:: Exercise brief ::
Lines holding the word "ezdxf" must be located in the listing below and copied.

*** Records for processing Section Begins ***

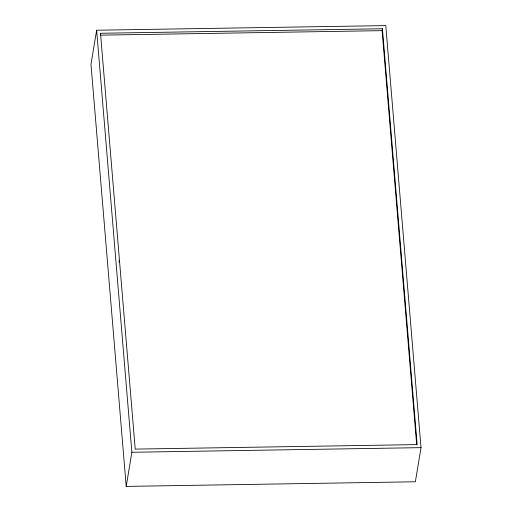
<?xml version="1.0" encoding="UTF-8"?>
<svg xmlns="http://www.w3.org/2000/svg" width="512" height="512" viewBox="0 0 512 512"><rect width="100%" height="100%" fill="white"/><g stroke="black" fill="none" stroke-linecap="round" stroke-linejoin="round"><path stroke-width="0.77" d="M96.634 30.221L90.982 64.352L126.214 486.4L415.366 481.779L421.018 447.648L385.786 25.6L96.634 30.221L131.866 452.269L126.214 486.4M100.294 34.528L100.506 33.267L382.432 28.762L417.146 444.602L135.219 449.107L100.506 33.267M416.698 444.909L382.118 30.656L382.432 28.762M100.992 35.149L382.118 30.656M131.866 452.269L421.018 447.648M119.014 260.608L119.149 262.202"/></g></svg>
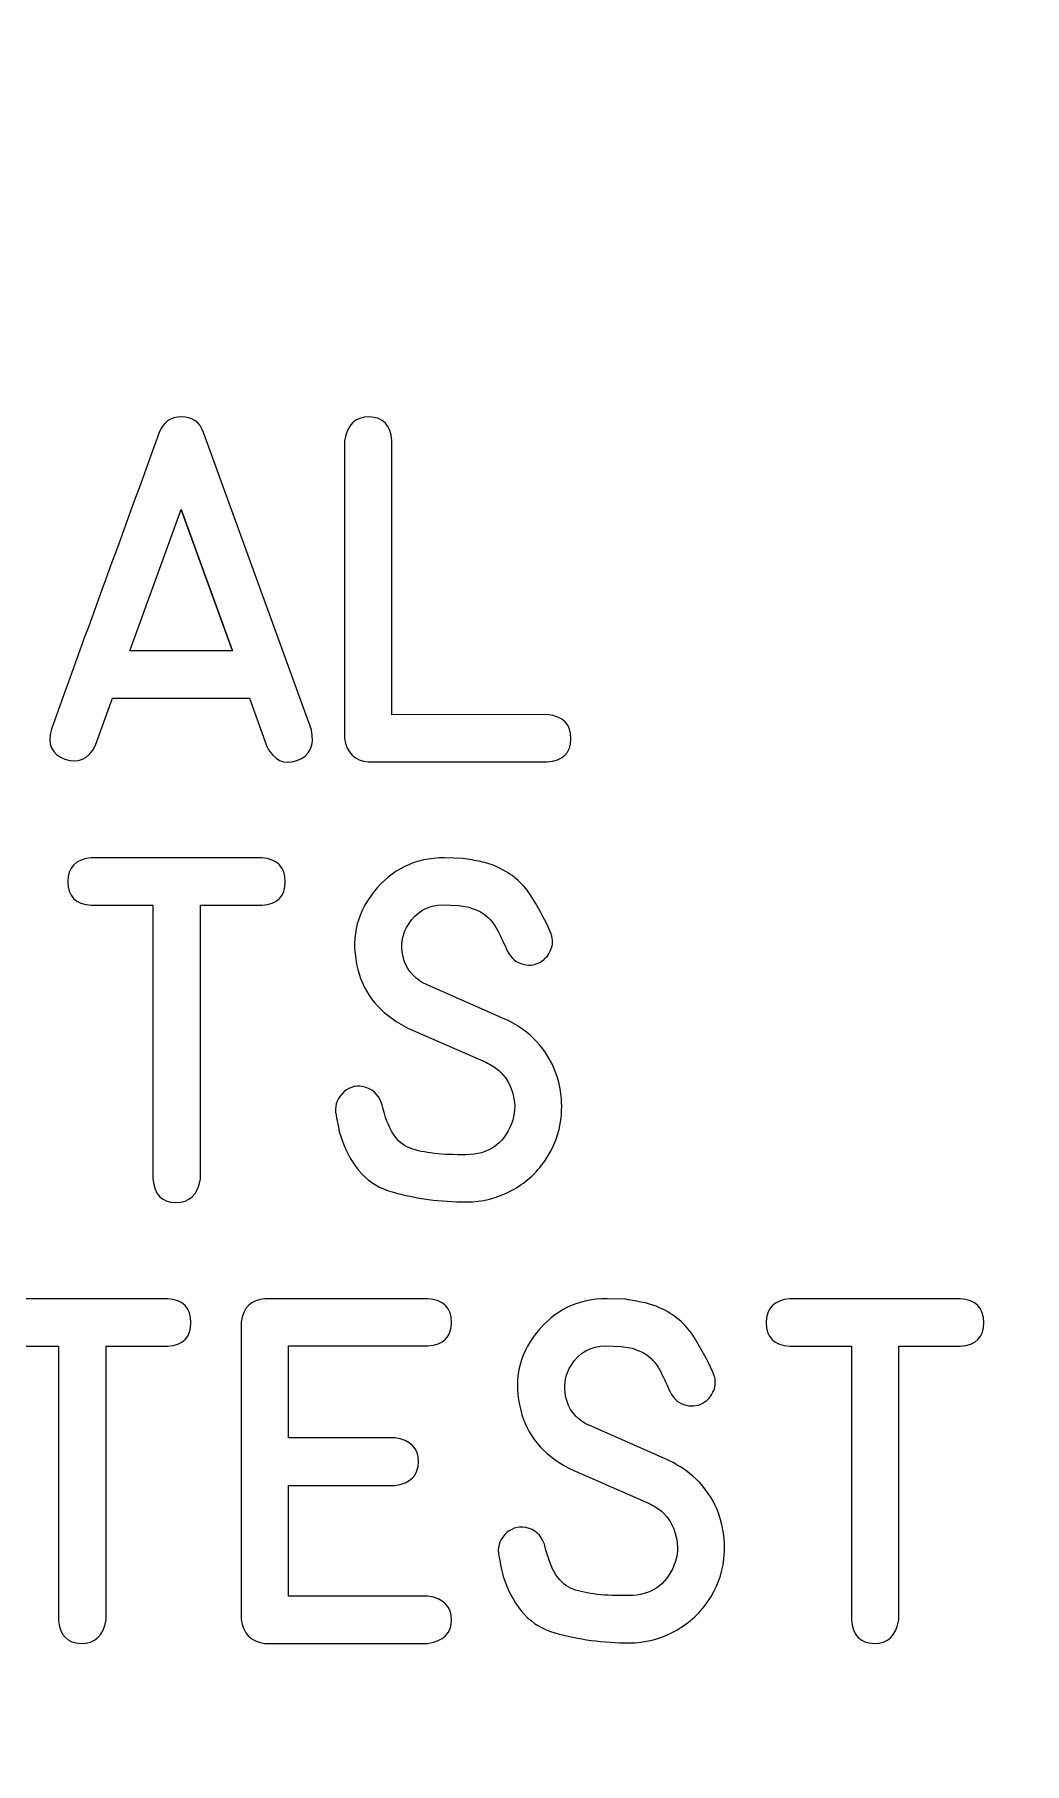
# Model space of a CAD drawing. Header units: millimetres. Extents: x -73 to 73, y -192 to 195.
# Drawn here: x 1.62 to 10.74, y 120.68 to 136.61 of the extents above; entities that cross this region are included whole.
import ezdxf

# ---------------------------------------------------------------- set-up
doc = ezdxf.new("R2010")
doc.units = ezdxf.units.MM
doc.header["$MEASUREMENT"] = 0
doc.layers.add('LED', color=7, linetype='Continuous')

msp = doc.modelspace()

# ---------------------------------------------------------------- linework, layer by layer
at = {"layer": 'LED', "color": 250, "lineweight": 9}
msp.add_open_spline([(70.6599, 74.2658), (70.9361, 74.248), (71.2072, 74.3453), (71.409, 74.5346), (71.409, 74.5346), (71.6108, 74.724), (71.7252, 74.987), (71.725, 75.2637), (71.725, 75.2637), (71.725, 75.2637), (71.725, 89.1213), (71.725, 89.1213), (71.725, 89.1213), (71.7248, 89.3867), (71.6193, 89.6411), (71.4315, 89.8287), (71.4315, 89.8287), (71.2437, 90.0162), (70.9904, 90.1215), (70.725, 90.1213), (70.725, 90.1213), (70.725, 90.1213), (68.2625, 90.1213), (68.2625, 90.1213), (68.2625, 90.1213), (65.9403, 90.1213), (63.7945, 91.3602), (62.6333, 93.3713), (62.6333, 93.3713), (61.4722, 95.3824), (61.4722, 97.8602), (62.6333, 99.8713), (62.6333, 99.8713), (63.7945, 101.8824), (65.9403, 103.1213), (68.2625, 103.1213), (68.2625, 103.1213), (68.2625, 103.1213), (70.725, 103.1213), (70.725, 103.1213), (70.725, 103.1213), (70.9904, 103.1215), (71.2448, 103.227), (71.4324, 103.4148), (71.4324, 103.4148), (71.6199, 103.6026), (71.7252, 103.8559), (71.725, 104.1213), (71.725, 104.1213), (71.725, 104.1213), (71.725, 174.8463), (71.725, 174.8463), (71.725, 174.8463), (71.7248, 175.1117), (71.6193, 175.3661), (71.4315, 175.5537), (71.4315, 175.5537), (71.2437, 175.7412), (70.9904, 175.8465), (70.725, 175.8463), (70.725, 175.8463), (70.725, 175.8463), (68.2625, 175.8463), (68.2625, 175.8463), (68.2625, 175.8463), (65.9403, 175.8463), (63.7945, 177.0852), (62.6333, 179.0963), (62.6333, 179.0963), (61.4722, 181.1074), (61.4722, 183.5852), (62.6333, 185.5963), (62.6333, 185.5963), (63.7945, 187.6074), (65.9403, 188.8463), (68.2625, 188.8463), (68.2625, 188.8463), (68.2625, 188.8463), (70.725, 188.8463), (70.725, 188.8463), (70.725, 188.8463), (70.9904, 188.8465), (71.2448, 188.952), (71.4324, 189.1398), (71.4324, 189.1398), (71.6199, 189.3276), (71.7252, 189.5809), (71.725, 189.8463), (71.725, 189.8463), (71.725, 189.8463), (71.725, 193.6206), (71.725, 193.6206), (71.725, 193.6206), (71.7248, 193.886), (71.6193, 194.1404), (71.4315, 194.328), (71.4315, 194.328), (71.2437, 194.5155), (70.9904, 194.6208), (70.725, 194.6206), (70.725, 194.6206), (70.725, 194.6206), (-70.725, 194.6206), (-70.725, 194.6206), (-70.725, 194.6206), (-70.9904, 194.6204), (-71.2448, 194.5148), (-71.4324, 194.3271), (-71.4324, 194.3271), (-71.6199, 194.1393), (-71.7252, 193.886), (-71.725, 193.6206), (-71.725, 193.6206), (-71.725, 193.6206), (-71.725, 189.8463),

*** Records for processing Section Ends ***

:: Solved problem ::
import ezdxf
doc = ezdxf.new("R2010")
doc.units = ezdxf.units.MM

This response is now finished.